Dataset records
▶
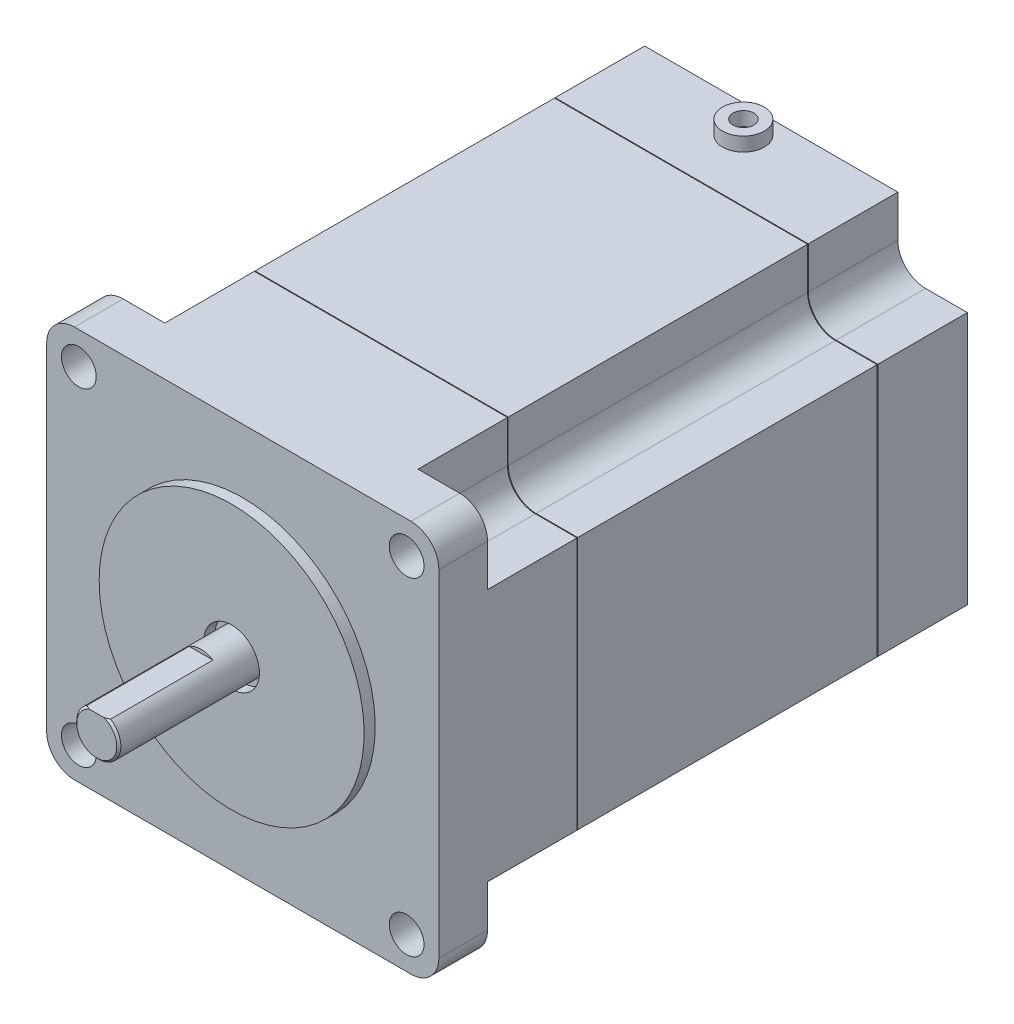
ISO-10303-21;
HEADER;
FILE_DESCRIPTION(('STEP AP214'),'2;1');
FILE_NAME('part.step','',(''),(''),'','','');
FILE_SCHEMA(('AUTOMOTIVE_DESIGN { 1 0 10303 214 1 1 1 1 }'));
ENDSEC;
DATA;
#1=APPLICATION_CONTEXT('core data for automotive mechanical design processes');
#2=APPLICATION_PROTOCOL_DEFINITION('international standard','automotive_design',2000,#1);
#3=PRODUCT_CONTEXT('',#1,'mechanical');
#4=PRODUCT('Part','Part','',(#3));
#5=PRODUCT_RELATED_PRODUCT_CATEGORY('part','',(#4));
#6=PRODUCT_DEFINITION_FORMATION('','',#4);
#7=PRODUCT_DEFINITION_CONTEXT('part definition',#1,'design');
#8=PRODUCT_DEFINITION('design','',#6,#7);
#9=PRODUCT_DEFINITION_SHAPE('','',#8);
#10=(LENGTH_UNIT() NAMED_UNIT(*) SI_UNIT(.MILLI.,.METRE.));
#11=(NAMED_UNIT(*) PLANE_ANGLE_UNIT() SI_UNIT($,.RADIAN.));
#12=(NAMED_UNIT(*) SI_UNIT($,.STERADIAN.) SOLID_ANGLE_UNIT());
#13=UNCERTAINTY_MEASURE_WITH_UNIT(LENGTH_MEASURE(1.E-05),#10,'distance_accuracy_value','');
#14=(GEOMETRIC_REPRESENTATION_CONTEXT(3) GLOBAL_UNCERTAINTY_ASSIGNED_CONTEXT((#13)) GLOBAL_UNIT_ASSIGNED_CONTEXT((#10,
#11,#12)) REPRESENTATION_CONTEXT('',''));
#15=CARTESIAN_POINT('',(0.,0.,0.));
#16=DIRECTION('',(0.,0.,1.));
#17=DIRECTION('',(1.,0.,0.));
#18=AXIS2_PLACEMENT_3D('',#15,#16,#17);
#19=CARTESIAN_POINT('',(-18.1999999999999,28.2,76.));
#20=DIRECTION('',(0.,-1.,0.));
#21=DIRECTION('',(1.,0.,0.));
#22=AXIS2_PLACEMENT_3D('',#19,#20,#21);
#23=PLANE('',#22);
#24=CARTESIAN_POINT('',(0.,28.2,4.));
#25=DIRECTION('',(0.,-1.,0.));
#26=DIRECTION('',(1.,0.,0.));
#27=AXIS2_PLACEMENT_3D('',#24,#25,#26);
#28=CIRCLE('',#27,1.5);
#29=CARTESIAN_POINT('',(1.50000000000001,28.2,4.));
#30=VERTEX_POINT('',#29);
#31=EDGE_CURVE('P0_E20',#30,#30,#28,.F.);
#32=ORIENTED_EDGE('',*,*,#31,.T.);
#33=EDGE_LOOP('',(#32));
#34=FACE_BOUND('',#33,.T.);
#35=ADVANCED_FACE('P0_F17',(#34),#23,.F.);
#36=CARTESIAN_POINT('',(0.,30.2,4.));
#37=DIRECTION('',(0.,-1.,0.));
#38=DIRECTION('',(1.,0.,0.));
#39=AXIS2_PLACEMENT_3D('',#36,#37,#38);
#40=CYLINDRICAL_SURFACE('',#39,1.5);
#41=CARTESIAN_POINT('',(0.,30.2,4.));
#42=DIRECTION('',(0.,-1.,0.));
#43=DIRECTION('',(1.,0.,0.));
#44=AXIS2_PLACEMENT_3D('',#41,#42,#43);
#45=CIRCLE('',#44,1.5);
#46=CARTESIAN_POINT('',(1.50000000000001,30.2,4.));
#47=VERTEX_POINT('',#46);
#48=EDGE_CURVE('P0_E344',#47,#47,#45,.T.);
#49=ORIENTED_EDGE('',*,*,#48,.F.);
#50=EDGE_LOOP('',(#49));
#51=FACE_BOUND('',#50,.T.);
#52=ORIENTED_EDGE('',*,*,#31,.F.);
#53=EDGE_LOOP('',(#52));
#54=FACE_BOUND('',#53,.T.);
#55=ADVANCED_FACE('P0_F352',(#51,#54),#40,.F.);
#56=CARTESIAN_POINT('',(0.,30.2,4.));
#57=DIRECTION('',(0.,1.,0.));
#58=DIRECTION('',(-1.,0.,0.));
#59=AXIS2_PLACEMENT_3D('',#56,#57,#58);
#60=PLANE('',#59);
#61=ORIENTED_EDGE('',*,*,#48,.T.);
#62=EDGE_LOOP('',(#61));
#63=FACE_BOUND('',#62,.T.);
#64=CARTESIAN_POINT('',(0.,30.2,4.));
#65=DIRECTION('',(0.,-1.,0.));
#66=DIRECTION('',(1.,0.,0.));
#67=AXIS2_PLACEMENT_3D('',#64,#65,#66);
#68=CIRCLE('',#67,3.);
#69=CARTESIAN_POINT('',(3.00000000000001,30.2,4.));
#70=VERTEX_POINT('',#69);
#71=EDGE_CURVE('P0_E291',#70,#70,#68,.T.);
#72=ORIENTED_EDGE('',*,*,#71,.F.);
#73=EDGE_LOOP('',(#72));
#74=FACE_BOUND('',#73,.T.);
#75=ADVANCED_FACE('P0_F354',(#63,#74),#60,.T.);
#76=CARTESIAN_POINT('',(0.,30.2,4.));
#77=DIRECTION('',(0.,-1.,0.));
#78=DIRECTION('',(1.,0.,0.));
#79=AXIS2_PLACEMENT_3D('',#76,#77,#78);
#80=CYLINDRICAL_SURFACE('',#79,3.);
#81=ORIENTED_EDGE('',*,*,#71,.T.);
#82=EDGE_LOOP('',(#81));
#83=FACE_BOUND('',#82,.T.);
#84=CARTESIAN_POINT('',(0.,28.2,4.));
#85=DIRECTION('',(0.,-1.,0.));
#86=DIRECTION('',(1.,0.,0.));
#87=AXIS2_PLACEMENT_3D('',#84,#85,#86);
#88=CIRCLE('',#87,3.);
#89=CARTESIAN_POINT('',(3.00000000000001,28.2,4.));
#90=VERTEX_POINT('',#89);
#91=EDGE_CURVE('P0_E236',#90,#90,#88,.F.);
#92=ORIENTED_EDGE('',*,*,#91,.T.);
#93=EDGE_LOOP('',(#92));
#94=FACE_BOUND('',#93,.T.);
#95=ADVANCED_FACE('P0_F361',(#83,#94),#80,.T.);
#96=CARTESIAN_POINT('',(18.2,18.2,0.));
#97=DIRECTION('',(0.,0.,1.));
#98=DIRECTION('',(1.,0.,0.));
#99=AXIS2_PLACEMENT_3D('',#96,#97,#98);
#100=PLANE('',#99);
#101=CARTESIAN_POINT('',(22.2,22.2,0.));
#102=DIRECTION('',(0.,0.,1.));
#103=DIRECTION('',(1.,0.,0.));
#104=AXIS2_PLACEMENT_3D('',#101,#102,#103);
#105=CIRCLE('',#104,4.);
#106=CARTESIAN_POINT('',(18.2,22.2,0.));
#107=VERTEX_POINT('',#106);
#108=CARTESIAN_POINT('',(22.2,18.2,0.));
#109=VERTEX_POINT('',#108);
#110=EDGE_CURVE('P0_E222',#107,#109,#105,.T.);
#111=ORIENTED_EDGE('',*,*,#110,.T.);
#112=DIRECTION('',(1.,0.,0.));
#113=VECTOR('',#112,1.);
#114=CARTESIAN_POINT('',(18.2,18.2,0.));
#115=LINE('',#114,#113);
#116=CARTESIAN_POINT('',(28.2,18.2,0.));
#117=VERTEX_POINT('',#116);
#118=EDGE_CURVE('P0_E218',#109,#117,#115,.T.);
#119=ORIENTED_EDGE('',*,*,#118,.T.);
#120=DIRECTION('',(0.,-1.,0.));
#121=VECTOR('',#120,1.);
#122=CARTESIAN_POINT('',(28.2,18.2,0.));
#123=LINE('',#122,#121);
#124=CARTESIAN_POINT('',(28.2,-18.2,0.));
#125=VERTEX_POINT('',#124);
#126=EDGE_CURVE('P0_E142',#117,#125,#123,.T.);
#127=ORIENTED_EDGE('',*,*,#126,.T.);
#128=DIRECTION('',(-1.,0.,0.));
#129=VECTOR('',#128,1.);
#130=CARTESIAN_POINT('',(28.2,-18.2,0.));
#131=LINE('',#130,#129);
#132=CARTESIAN_POINT('',(22.2,-18.2,0.));
#133=VERTEX_POINT('',#132);
#134=EDGE_CURVE('P0_E146',#125,#133,#131,.T.);
#135=ORIENTED_EDGE('',*,*,#134,.T.);
#136=CARTESIAN_POINT('',(22.2,-22.2,0.));
#137=DIRECTION('',(0.,0.,1.));
#138=DIRECTION('',(1.,0.,0.));
#139=AXIS2_PLACEMENT_3D('',#136,#137,#138);
#140=CIRCLE('',#139,4.);
#141=CARTESIAN_POINT('',(18.2,-22.2,0.));
#142=VERTEX_POINT('',#141);
#143=EDGE_CURVE('P0_E207',#133,#142,#140,.T.);
#144=ORIENTED_EDGE('',*,*,#143,.T.);
#145=DIRECTION('',(0.,-1.,0.));
#146=VECTOR('',#145,1.);
#147=CARTESIAN_POINT('',(18.2,-18.2,0.));
#148=LINE('',#147,#146);
#149=CARTESIAN_POINT('',(18.2,-28.2,0.));
#150=VERTEX_POINT('',#149);
#151=EDGE_CURVE('P0_E288',#142,#150,#148,.T.);
#152=ORIENTED_EDGE('',*,*,#151,.T.);
#153=DIRECTION('',(1.,0.,0.));
#154=VECTOR('',#153,1.);
#155=CARTESIAN_POINT('',(18.2,-28.2,0.));
#156=LINE('',#155,#154);
#157=CARTESIAN_POINT('',(-18.2,-28.1999999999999,0.));
#158=VERTEX_POINT('',#157);
#159=EDGE_CURVE('P0_E281',#150,#158,#156,.F.);
#160=ORIENTED_EDGE('',*,*,#159,.T.);
#161=DIRECTION('',(0.,1.,0.));
#162=VECTOR('',#161,1.);
#163=CARTESIAN_POINT('',(-18.2,-28.2,0.));
#164=LINE('',#163,#162);
#165=CARTESIAN_POINT('',(-18.2,-22.2,0.));
#166=VERTEX_POINT('',#165);
#167=EDGE_CURVE('P0_E105',#158,#166,#164,.T.);
#168=ORIENTED_EDGE('',*,*,#167,.T.);
#169=CARTESIAN_POINT('',(-22.2,-22.2,0.));
#170=DIRECTION('',(0.,0.,1.));
#171=DIRECTION('',(1.,0.,0.));
#172=AXIS2_PLACEMENT_3D('',#169,#170,#171);
#173=CIRCLE('',#172,4.);
#174=CARTESIAN_POINT('',(-22.2,-18.2,0.));
#175=VERTEX_POINT('',#174);
#176=EDGE_CURVE('P0_E97',#166,#175,#173,.T.);
#177=ORIENTED_EDGE('',*,*,#176,.T.);
#178=DIRECTION('',(-1.,0.,0.));
#179=VECTOR('',#178,1.);
#180=CARTESIAN_POINT('',(-18.2,-18.2,0.));
#181=LINE('',#180,#179);
#182=CARTESIAN_POINT('',(-28.2,-18.2,0.));
#183=VERTEX_POINT('',#182);
#184=EDGE_CURVE('P0_E266',#175,#183,#181,.T.);
#185=ORIENTED_EDGE('',*,*,#184,.T.);
#186=DIRECTION('',(0.,1.,0.));
#187=VECTOR('',#186,1.);
#188=CARTESIAN_POINT('',(-28.2,-18.2,0.));
#189=LINE('',#188,#187);
#190=CARTESIAN_POINT('',(-28.2,18.2,0.));
#191=VERTEX_POINT('',#190);
#192=EDGE_CURVE('P0_E261',#183,#191,#189,.T.);
#193=ORIENTED_EDGE('',*,*,#192,.T.);
#194=DIRECTION('',(1.,0.,0.));
#195=VECTOR('',#194,1.);
#196=CARTESIAN_POINT('',(-28.2,18.2,0.));
#197=LINE('',#196,#195);
#198=CARTESIAN_POINT('',(-22.1999999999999,18.2,0.));
#199=VERTEX_POINT('',#198);
#200=EDGE_CURVE('P0_E251',#191,#199,#197,.T.);
#201=ORIENTED_EDGE('',*,*,#200,.T.);
#202=CARTESIAN_POINT('',(-22.1999999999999,22.2,0.));
#203=DIRECTION('',(0.,0.,1.));
#204=DIRECTION('',(1.,0.,0.));
#205=AXIS2_PLACEMENT_3D('',#202,#203,#204);
#206=CIRCLE('',#205,4.);
#207=CARTESIAN_POINT('',(-18.2,22.2,0.));
#208=VERTEX_POINT('',#207);
#209=EDGE_CURVE('P0_E247',#199,#208,#206,.T.);
#210=ORIENTED_EDGE('',*,*,#209,.T.);
#211=DIRECTION('',(0.,1.,0.));
#212=VECTOR('',#211,1.);
#213=CARTESIAN_POINT('',(-18.2,18.2,0.));
#214=LINE('',#213,#212);
#215=CARTESIAN_POINT('',(-18.1999999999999,28.2,0.));
#216=VERTEX_POINT('',#215);
#217=EDGE_CURVE('P0_E243',#208,#216,#214,.T.);
#218=ORIENTED_EDGE('',*,*,#217,.T.);
#219=DIRECTION('',(1.,0.,0.));
#220=VECTOR('',#219,1.);
#221=CARTESIAN_POINT('',(-18.1999999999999,28.2,0.));
#222=LINE('',#221,#220);
#223=CARTESIAN_POINT('',(18.2,28.2,0.));
#224=VERTEX_POINT('',#223);
#225=EDGE_CURVE('P0_E237',#216,#224,#222,.T.);
#226=ORIENTED_EDGE('',*,*,#225,.T.);
#227=DIRECTION('',(0.,-1.,0.));
#228=VECTOR('',#227,1.);
#229=CARTESIAN_POINT('',(18.2,28.2,0.));
#230=LINE('',#229,#228);
#231=EDGE_CURVE('P0_E226',#224,#107,#230,.T.);
#232=ORIENTED_EDGE('',*,*,#231,.T.);
#233=EDGE_LOOP('',(#111,#119,#127,#135,#144,#152,#160,#168,#177,#185,#193,#201,#210,#218,#226,#232));
#234=FACE_BOUND('',#233,.T.);
#235=ADVANCED_FACE('P0_F424',(#234),#100,.F.);
#236=CARTESIAN_POINT('',(18.2,-18.2,76.));
#237=DIRECTION('',(-1.,0.,0.));
#238=DIRECTION('',(0.,-1.,0.));
#239=AXIS2_PLACEMENT_3D('',#236,#237,#238);
#240=PLANE('',#239);
#241=DIRECTION('',(0.,1.,0.));
#242=VECTOR('',#241,1.);
#243=CARTESIAN_POINT('',(18.2,28.2000000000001,12.8732));
#244=LINE('',#243,#242);
#245=CARTESIAN_POINT('',(18.2,-22.2,12.8732));
#246=VERTEX_POINT('',#245);
#247=CARTESIAN_POINT('',(18.2,-28.2,12.8732));
#248=VERTEX_POINT('',#247);
#249=EDGE_CURVE('P0_E199',#246,#248,#244,.F.);
#250=ORIENTED_EDGE('',*,*,#249,.T.);
#251=DIRECTION('',(0.,0.,1.));
#252=VECTOR('',#251,1.);
#253=CARTESIAN_POINT('',(18.2,-28.2,76.));
#254=LINE('',#253,#252);
#255=EDGE_CURVE('P0_E278',#248,#150,#254,.F.);
#256=ORIENTED_EDGE('',*,*,#255,.T.);
#257=ORIENTED_EDGE('',*,*,#151,.F.);
#258=DIRECTION('',(0.,0.,1.));
#259=VECTOR('',#258,1.);
#260=CARTESIAN_POINT('',(18.2,-22.2,76.));
#261=LINE('',#260,#259);
#262=EDGE_CURVE('P0_E204',#142,#246,#261,.T.);
#263=ORIENTED_EDGE('',*,*,#262,.T.);
#264=EDGE_LOOP('',(#250,#256,#257,#263));
#265=FACE_BOUND('',#264,.T.);
#266=ADVANCED_FACE('P0_F420',(#265),#240,.F.);
#267=CARTESIAN_POINT('',(18.2,-28.2,76.));
#268=DIRECTION('',(0.,1.,0.));
#269=DIRECTION('',(0.,0.,1.));
#270=AXIS2_PLACEMENT_3D('',#267,#268,#269);
#271=PLANE('',#270);
#272=DIRECTION('',(1.,0.,0.));
#273=VECTOR('',#272,1.);
#274=CARTESIAN_POINT('',(-28.2,-28.2,12.8732));
#275=LINE('',#274,#273);
#276=CARTESIAN_POINT('',(-18.2,-28.2,12.8732));
#277=VERTEX_POINT('',#276);
#278=EDGE_CURVE('P0_E196',#248,#277,#275,.F.);
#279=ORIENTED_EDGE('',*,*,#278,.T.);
◀
Exercise goal
From the line that has "#61=ORIENTED_EDGE('',*,*,#48,.T.);" through the line that has "#70=VERTEX_POINT('',#69);", copy every line exactly as it appears above, and leave out all others.

Finished task
#61=ORIENTED_EDGE('',*,*,#48,.T.);
#62=EDGE_LOOP('',(#61));
#63=FACE_BOUND('',#62,.T.);
#64=CARTESIAN_POINT('',(0.,30.2,4.));
#65=DIRECTION('',(0.,-1.,0.));
#66=DIRECTION('',(1.,0.,0.));
#67=AXIS2_PLACEMENT_3D('',#64,#65,#66);
#68=CIRCLE('',#67,3.);
#69=CARTESIAN_POINT('',(3.00000000000001,30.2,4.));
#70=VERTEX_POINT('',#69);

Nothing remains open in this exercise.